Encima, las noticias consumidas de manera digital conforman un sistema que se retroalimenta. Uno no sólo se vuelca por lo que más le interesa, sino también por lo que aparece como lo más leído, más visto y demás. Así que Trump, Trump, Trump y Trump.

MediaQuant, una firma que mide espacio en los medios que no es propaganda paga, encontró que Trump no sólo aparece ahora más que nadie, sino más que todas la otras mil celebridades juntas -y eso incluye a las Kardashian-. El matutino concluía preguntándose si puede ser saludable que esto se sostenga los próximos cuatro años a expensas de noticias y referencias de todo lo demás, y en los comentarios de lectores quedó en evidencia que la respuesta no es unívoca.

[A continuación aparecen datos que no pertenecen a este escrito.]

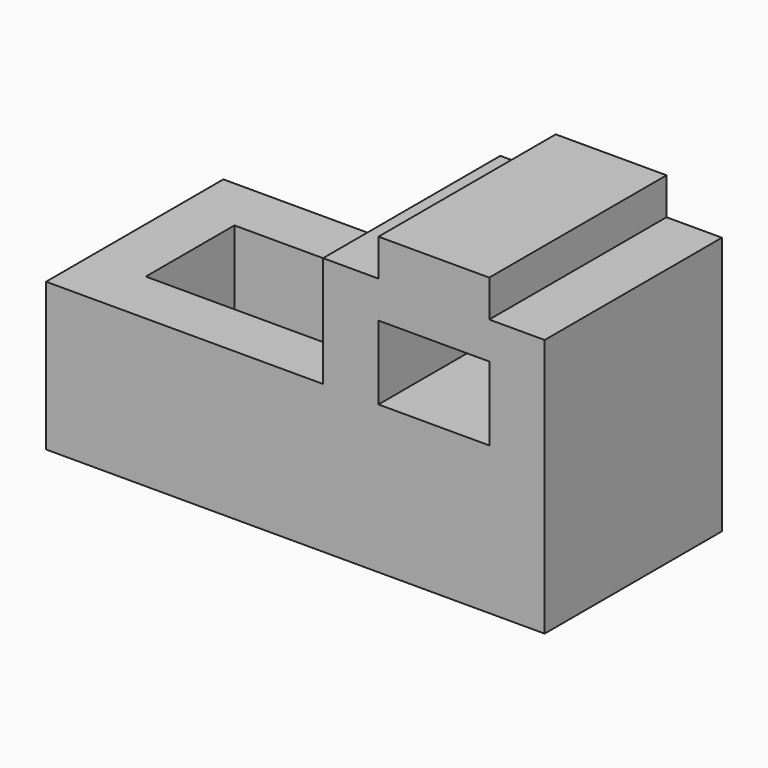
from build123d import *

# Parameters (mm, degrees)
F0_W      = 2743.2
F0_H      = 1625.6
F1_DEPTH  = 1219.2
F2_W      = 304.8
F2_H      = 203.2
F3_DEPTH  = 1219.201
F5_DEPTH  = 1219.201
F9_W      = 609.6
F9_H      = 406.4
F10_DEPTH = 1219.201
F11_W     = 1219.2
F11_H     = 609.6
F12_DEPTH = 812.801


# Not quite as in the source:
# - a feature of the source that left no trace in its solid (it failed there, or was rolled back) is left out
# - a pattern or mirror of a feature is missing from the dataset's text; its kind, count and spacing are read off the source's solid


with BuildPart() as f1:
    # F0 (on Front) → F1 (new body)
    with BuildSketch(Plane.XZ):
        with Locations((-1318.6722079277, 774.8354399085)):
            Rectangle(F0_W, F0_H)
    extrude(amount=F1_DEPTH)

    # F2 (on face) → F3 (cut, through all)
    with BuildSketch(Plane.XZ.offset(1219.2)):
        with Locations((-99.4722079277, 1486.0354399085)):
            Rectangle(F2_W, F2_H)
    f3 = extrude(amount=-F3_DEPTH, mode=Mode.SUBTRACT)

    # F3_copies: F3 across plane
    add(f3.mirror(Plane(origin=(-556.672208, 0, 0), x_dir=(0, 0, -1), z_dir=(-1, 0, 0))), mode=Mode.SUBTRACT)

    # F4 (on face) → F5 (cut, through all)
    with BuildSketch(Plane.XZ.offset(1219.2)):
        Polygon((-1166.2722079277, 1587.6354399085), (-2690.2722079277, 1587.6354399085), (-2690.2722079277, 774.8354399085), (-1166.2722079277, 774.8354399085), (-1166.2722079277, 1384.4354399085), align=None)
    extrude(amount=-F5_DEPTH, mode=Mode.SUBTRACT)

    # F9 (on face) → F10 (cut, through all)
    with BuildSketch(Plane.XZ.offset(1219.2)):
        with Locations((-556.6722079277, 978.0354399085)):
            Rectangle(F9_W, F9_H)
    extrude(amount=-F10_DEPTH, mode=Mode.SUBTRACT)

    # F11 (on face) → F12 (cut, through all)
    with BuildSketch(Plane.XY.offset(774.8354399085)):
        with Locations((-1775.8722079277, -609.6)):
            Rectangle(F11_W, F11_H)
    extrude(amount=-F12_DEPTH, mode=Mode.SUBTRACT)


solid = f1.part
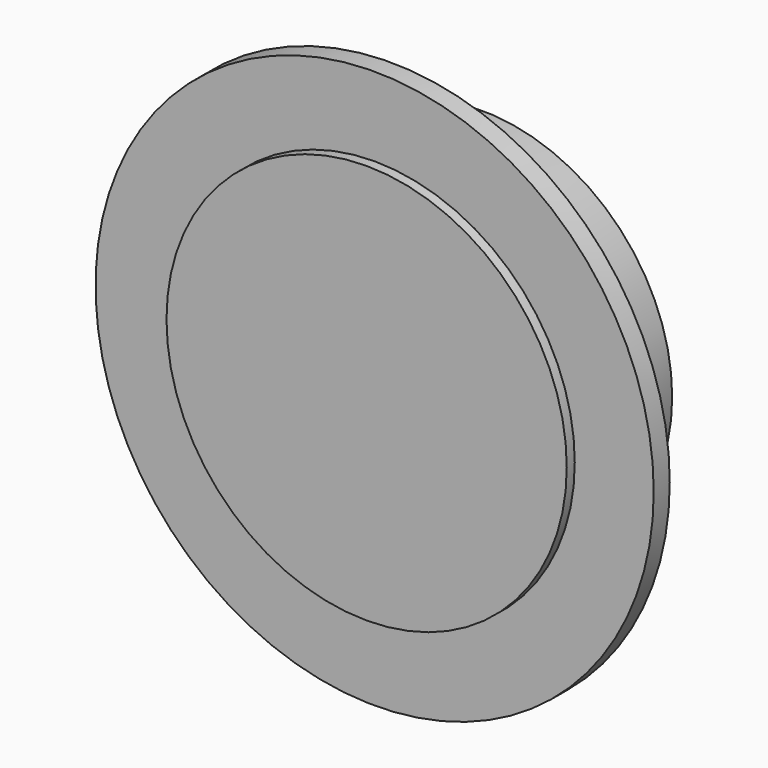
from build123d import *

# Parameters (mm, degrees)
F0_R      = 139.3871605201
F0_R_2    = 100
F1_DEPTH  = 10
F2_DEPTH  = 10
F0_R_3    = 99.95
F4_DEPTH  = 5
F3_R      = 100
F6_R      = 95
F8_R      = 40
F9_DEPTH  = 10
F10_R     = 22.575
F11_DEPTH = 5


# Not quite as in the source:
# - a feature names something its author has since deleted; it is built from what else it names


with BuildPart() as f1:
    # F0 (on Front) → F1 (new body)
    with BuildSketch(Plane.XZ):
        Circle(F0_R)
        Circle(F0_R_2, mode=Mode.SUBTRACT)
    extrude(amount=-F1_DEPTH)


with BuildPart() as f2:
    # F0 (on Front) → F2 (new body)
    with BuildSketch(Plane.XZ):
        Circle(F0_R)
        Circle(F0_R_2, mode=Mode.SUBTRACT)
    extrude(amount=-F2_DEPTH)


with BuildPart() as f4:
    # F0 (on Front) → F4 (new body)
    with BuildSketch(Plane.XZ):
        Circle(F0_R_3)
    extrude(amount=F4_DEPTH)

    # F3 (on face) → F7 section 0
    with BuildSketch(Plane.XZ):
        Circle(F3_R)
    # F6 (on offset) → F7 section 1
    with BuildSketch(Plane(origin=(0, 67, 0), x_dir=(-1, 0, 0), z_dir=(0, 1, 0))):
        Circle(F6_R)
    loft()

    # F8 (on offset) → F9 (cut)
    with BuildSketch(Plane(origin=(0, 67, 0), x_dir=(-1, 0, 0), z_dir=(0, 1, 0))):
        Circle(F8_R)
    extrude(amount=-F9_DEPTH, mode=Mode.SUBTRACT)

    # F10 (on face) → F11 (cut)
    with BuildSketch(Plane(origin=(0, 57, 0), x_dir=(-1, 0, 0), z_dir=(0, 1, 0))):
        Circle(F10_R)
    extrude(amount=-F11_DEPTH, mode=Mode.SUBTRACT)


solid = Compound([f1.part, f2.part, f4.part])
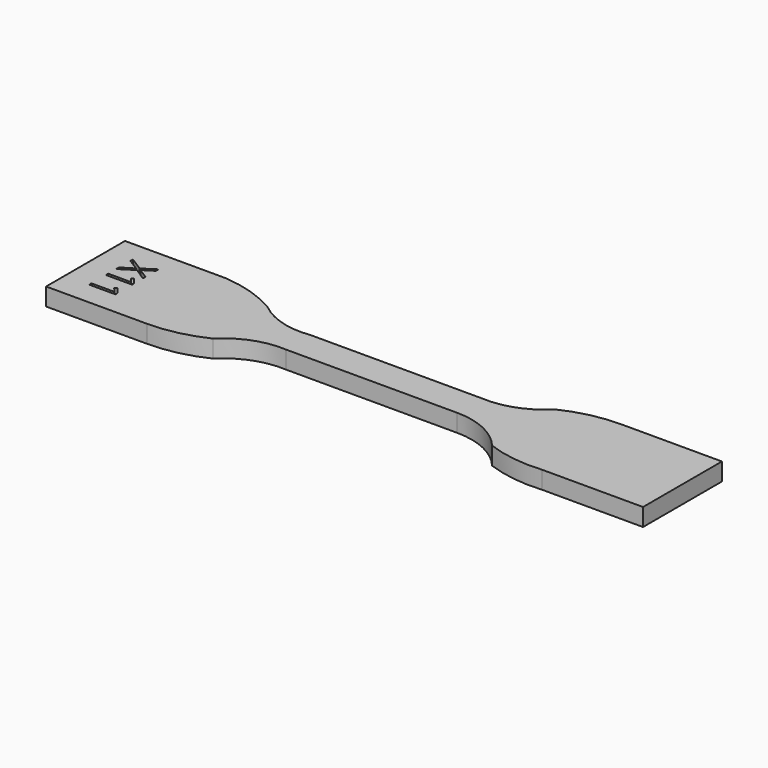
from build123d import *

# Parameters (mm, degrees)
F1_DEPTH     = 3.4
F2_TEXT_SIZE = 7.0564552314
F3_DEPTH     = 1


# Not quite as in the source:
# - Text() gives the source's letters only with a copy of the font that has no kerning and outlines rounded to 1/6400 em; it was checked with that copy


with BuildPart() as f1:
    # F0 (on Top) → F1 (new body)
    with BuildSketch(Plane.XY):
        with BuildLine():
            Line((-14.4320548165, 19.7811394548), (-33.8720548165, 19.7811394548))
            Line((-33.8720548165, 19.7811394548), (-33.8720548165, 0.7811394548))
            Line((-33.8720548165, 0.7811394548), (-14.4320548165, 0.7811394548))
            ThreePointArc((-14.4320548165, 0.7811394548), (-8.9053122052, 1.3996892086), (-3.6520548165, 3.2247301661))
            ThreePointArc((-3.6520548165, 3.2247301661), (1.3014698263, 6.4128780055), (7.1279451835, 7.2811394548))
            Line((7.1279451835, 7.2811394548), (40.1279451835, 7.2811394548))
            ThreePointArc((40.1279451835, 7.2811394548), (46.0837574042, 5.9511158081), (50.9079451835, 2.2137538538))
            ThreePointArc((50.9079451835, 2.2137538538), (56.2191047011, 0.9041953221), (61.6879451835, 0.7811394548))
            Line((61.6879451835, 0.7811394548), (81.1279451835, 0.7811394548))
            Line((81.1279451835, 0.7811394548), (81.1279451835, 19.7811394548))
            Line((81.1279451835, 19.7811394548), (61.6879451835, 19.7811394548))
            ThreePointArc((61.6879451835, 19.7811394548), (56.1612025723, 19.162589701), (50.9079451835, 17.3375487435))
            ThreePointArc((50.9079451835, 17.3375487435), (45.9544205407, 14.1494009041), (40.1279451835, 13.2811394548))
            Line((40.1279451835, 13.2811394548), (7.1279451835, 13.2811394548))
            ThreePointArc((7.1279451835, 13.2811394548), (1.4167452884, 13.6925537245), (-3.6520548165, 16.3560723447))
            ThreePointArc((-3.6520548165, 16.3560723447), (-8.8458057958, 18.686276846), (-14.4320548165, 19.7811394548))
        make_face()
    extrude(amount=F1_DEPTH)

    # F2 (on face) → F3 (cut)
    with BuildSketch(Plane.XY.offset(3.4)):
        with Locations(Location((-29.1824135929, 15.8650862949), (0, 0, -90))):
            Text('X11', F2_TEXT_SIZE, font='Open Sans', text_align=(TextAlign.LEFT, TextAlign.BOTTOM))
    extrude(amount=-F3_DEPTH, mode=Mode.SUBTRACT)


solid = f1.part
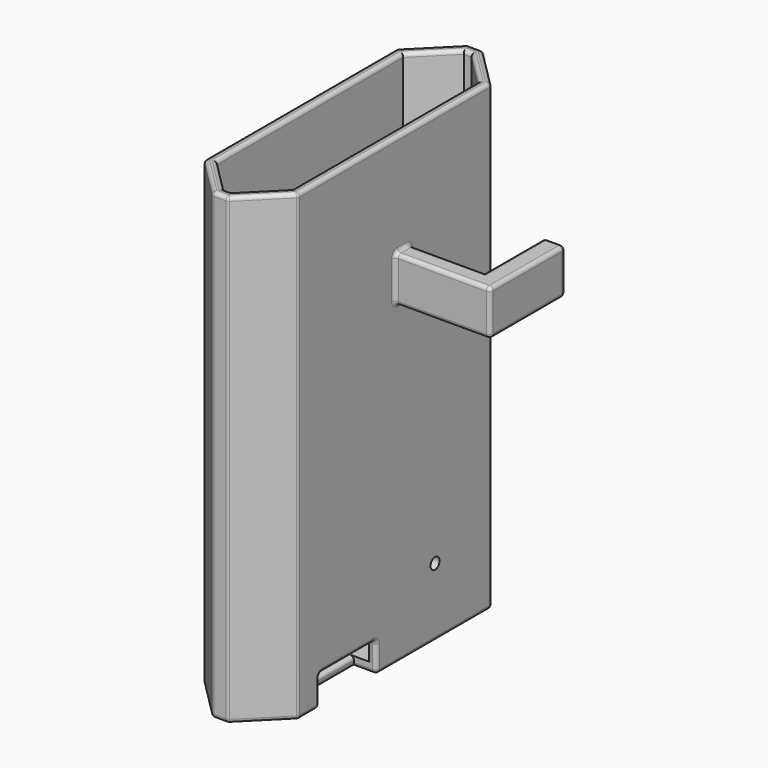
from build123d import *

# Parameters (mm, degrees)
F1_DEPTH = 2.5
F2_DEPTH = 123.5
F3_W     = 6
F3_H     = 19
F4_DEPTH = 8
F6_D     = 3
F6_DEPTH = 5
F6_TIP   = 0.9012909285
F5_W     = 5
F5_H     = 12
F7_DEPTH = 25.5
F8_START = 20
F5_W_2   = 20
F8_DEPTH = 5.5
F9_R     = 1


with BuildPart() as f1:
    # F0 (on Top) → F1 (new body)
    with BuildSketch(Plane.XY):
        Polygon((10, 31), (1, 40), (-1, 40), (-10, 31), (-10, -31), (-1, -40), (1, -40), (10, -31), align=None)
    extrude(amount=F1_DEPTH)

    # F0 (on Top) → F2 (join)
    with BuildSketch(Plane.XY):
        Polygon((12.500000447, -32.0355340911), (12.500000447, 32.0355340911), (2.0355340911, 42.500000447), (-2.0355340911, 42.500000447), (-12.500000447, 32.0355340911), (-12.500000447, -32.0355340911), (-2.0355340911, -42.500000447), (2.0355340911, -42.500000447), align=None)
        Polygon((-1, 40), (1, 40), (10, 31), (10, -31), (1, -40), (-1, -40), (-10, -31), (-10, 31), align=None, mode=Mode.SUBTRACT)
    extrude(amount=F2_DEPTH)

    # F3 (on face) → F4 (cut)
    with BuildSketch(Plane(origin=(0, 0, 0), x_dir=(1, 0, 0), z_dir=(0, 0, -1))):
        with Locations((9.500000447, 15.5355340911)):
            Rectangle(F3_W, F3_H)
    extrude(amount=-F4_DEPTH, mode=Mode.SUBTRACT)

    # F6
    with Locations(Plane.YZ.offset(12.500000447)):
        with Locations((13.5, 18.25)):
            Hole(F6_D / 2, depth=F6_DEPTH)
            with Locations((0, 0, -(F6_DEPTH + F6_TIP / 2))):  # 118° drill point
                Cone(0, F6_D / 2, F6_TIP, mode=Mode.SUBTRACT)

    # F5 (on face) → F7 (join)
    with BuildSketch(Plane.YZ.offset(12.500000447)):
        with Locations((2.5, 90.5)):
            Rectangle(F5_W, F5_H)
    extrude(amount=F7_DEPTH)

    # F5 (on face) → F8 (join)
    with BuildSketch(Plane.YZ.offset(12.500000447).offset(F8_START)):
        with Locations((15, 90.5)):
            Rectangle(F5_W_2, F5_H)
    extrude(amount=F8_DEPTH)

    # F9
    f9_edges = [f1.edges().sort_by_distance(p)[0] for p in [
        (12.5, 0, 123.5),
        (7.267767, 37.267767, 123.5),
        (0, 42.5, 123.5),
        (-7.267767, 37.267767, 123.5),
        (-12.5, 0, 123.5),
        (-7.267767, -37.267767, 123.5),
        (0, -42.5, 123.5),
        (7.267767, -37.267767, 123.5),
        (0, 40, 123.5),
        (5.5, 35.5, 123.5),
        (10, 0, 123.5),
        (5.5, -35.5, 123.5),
        (0, -40, 123.5),
        (-5.5, -35.5, 123.5),
        (-10, 0, 123.5),
        (-5.5, 35.5, 123.5),
        (22.5, 5, 96.5),
        (32.5, 15, 96.5),
        (35.25, 25, 96.5),
        (38, 12.5, 96.5),
        (25.25, 0, 96.5),
        (12.5, 2.5, 96.5),
        (25.25, 0, 84.5),
        (38, 12.5, 84.5),
        (35.25, 25, 84.5),
        (32.5, 15, 84.5),
        (22.5, 5, 84.5),
        (12.5, 2.5, 84.5),
        (7.267767, -37.267767, 0),
        (0, -42.5, 0),
        (-7.267767, -37.267767, 0),
        (-12.5, 0, 0),
        (-7.267767, 37.267767, 0),
        (0, 42.5, 0),
        (7.267767, 37.267767, 0),
        (12.5, 13, 0),
        (9.5, -6.035534, 0),
        (6.5, -15.535534, 0),
        (9.5, -25.035534, 0),
        (12.5, -28.535534, 0),
        (-2.035534, 42.5, 61.75),
        (-12.5, 32.035534, 61.75),
        (-12.5, -32.035534, 61.75),
        (-2.035534, -42.5, 61.75),
        (2.035534, 42.5, 61.75),
        (12.5, 32.035534, 61.75),
        (12.5, -32.035534, 61.75),
        (2.035534, -42.5, 61.75),
        (11.25, -6.035534, 8),
        (10, -15.535534, 8),
        (11.25, -25.035534, 8),
        (12.5, -15.535534, 8),
        (6.5, -15.535534, 2.5),
        (32.5, 25, 90.5),
        (38, 25, 90.5),
        (38, 0, 90.5),
        (10, -25.035534, 5.25),
        (12.5, -25.035534, 4),
        (10, -6.035534, 5.25),
        (12.5, -6.035534, 4),
        (12.5, 5, 90.5),
        (12.5, 0, 90.5),
    ]]
    fillet(f9_edges, radius=F9_R)


solid = f1.part
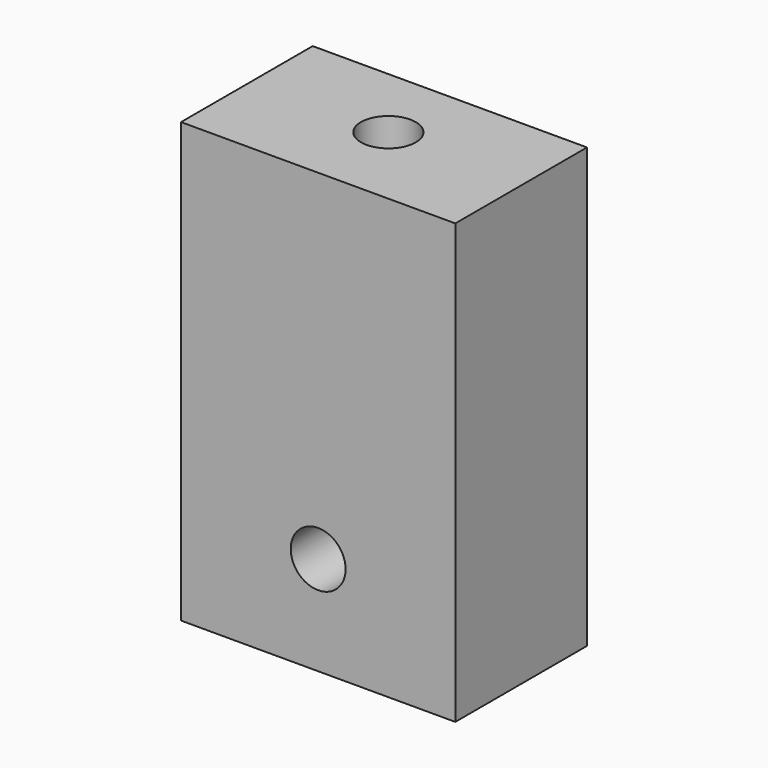
from build123d import *
from build123d import SkipClean  # not in build123d's __all__

# Parameters (mm, degrees)
F0_W     = 50
F0_H     = 80
F1_DEPTH = 30
F2_R     = 5
F3_DEPTH = 20
F4_R     = 5
F5_DEPTH = 25
F6_R     = 5
F7_DEPTH = 65


with BuildPart() as f1:
    # F0 (on Front) → F1 (new body)
    with BuildSketch(Plane.XZ):
        with Locations((0, 40)):
            Rectangle(F0_W, F0_H)
    extrude(amount=F1_DEPTH)

    # F2 (on face) → F3 (cut)
    with BuildSketch(Plane.XZ.offset(30)):
        with Locations((0, 18)):
            Circle(F2_R)
    extrude(amount=-F3_DEPTH, mode=Mode.SUBTRACT)

    # F4 (on face) → F5 (cut)
    with BuildSketch(Plane(origin=(-25, 0, 0), x_dir=(0, -1, 0), z_dir=(-1, 0, 0))):
        with Locations((16, 18)):
            Circle(F4_R)
    extrude(amount=-F5_DEPTH, mode=Mode.SUBTRACT)

    # F6 (on face) → F7 (cut)
    with BuildSketch(Plane.XY.offset(80)):
        with Locations((0, -14)):
            Circle(F6_R)
    with SkipClean():  # cleaning this boolean's faces spoils the solid; the shape is the same uncleaned
        extrude(amount=-F7_DEPTH, mode=Mode.SUBTRACT)


solid = f1.part

Algunos abogaban porque, como mis compañeros en el deporte blanco, cada persona tome las riendas de abrirse a otros temas. Otros decían que sacar la mirada aunque sea un instante de lo que hace Trump es una irresponsabilidad. Un punto medio posiblemente sea lo más lógico, pero para mis amigos, de cualquier manera, al "detox de Trump" se los arruiné yo. El domingo justo salió en este diario una larga nota que había hecho sobre Trump en la Florida y me lo comentaron. Igual, ya se volvían embebidos en los detalles de la historia uruguaya y de sus relaciones con la Argentina y Brasil; felices con la magia del mate con termo que se lleva bajo la axila, y convencidos de que no hay nada tan lindo como la pelota que pica despacio y la tierra naranja en las zapatillas. Detox o no detox, volverán encantados.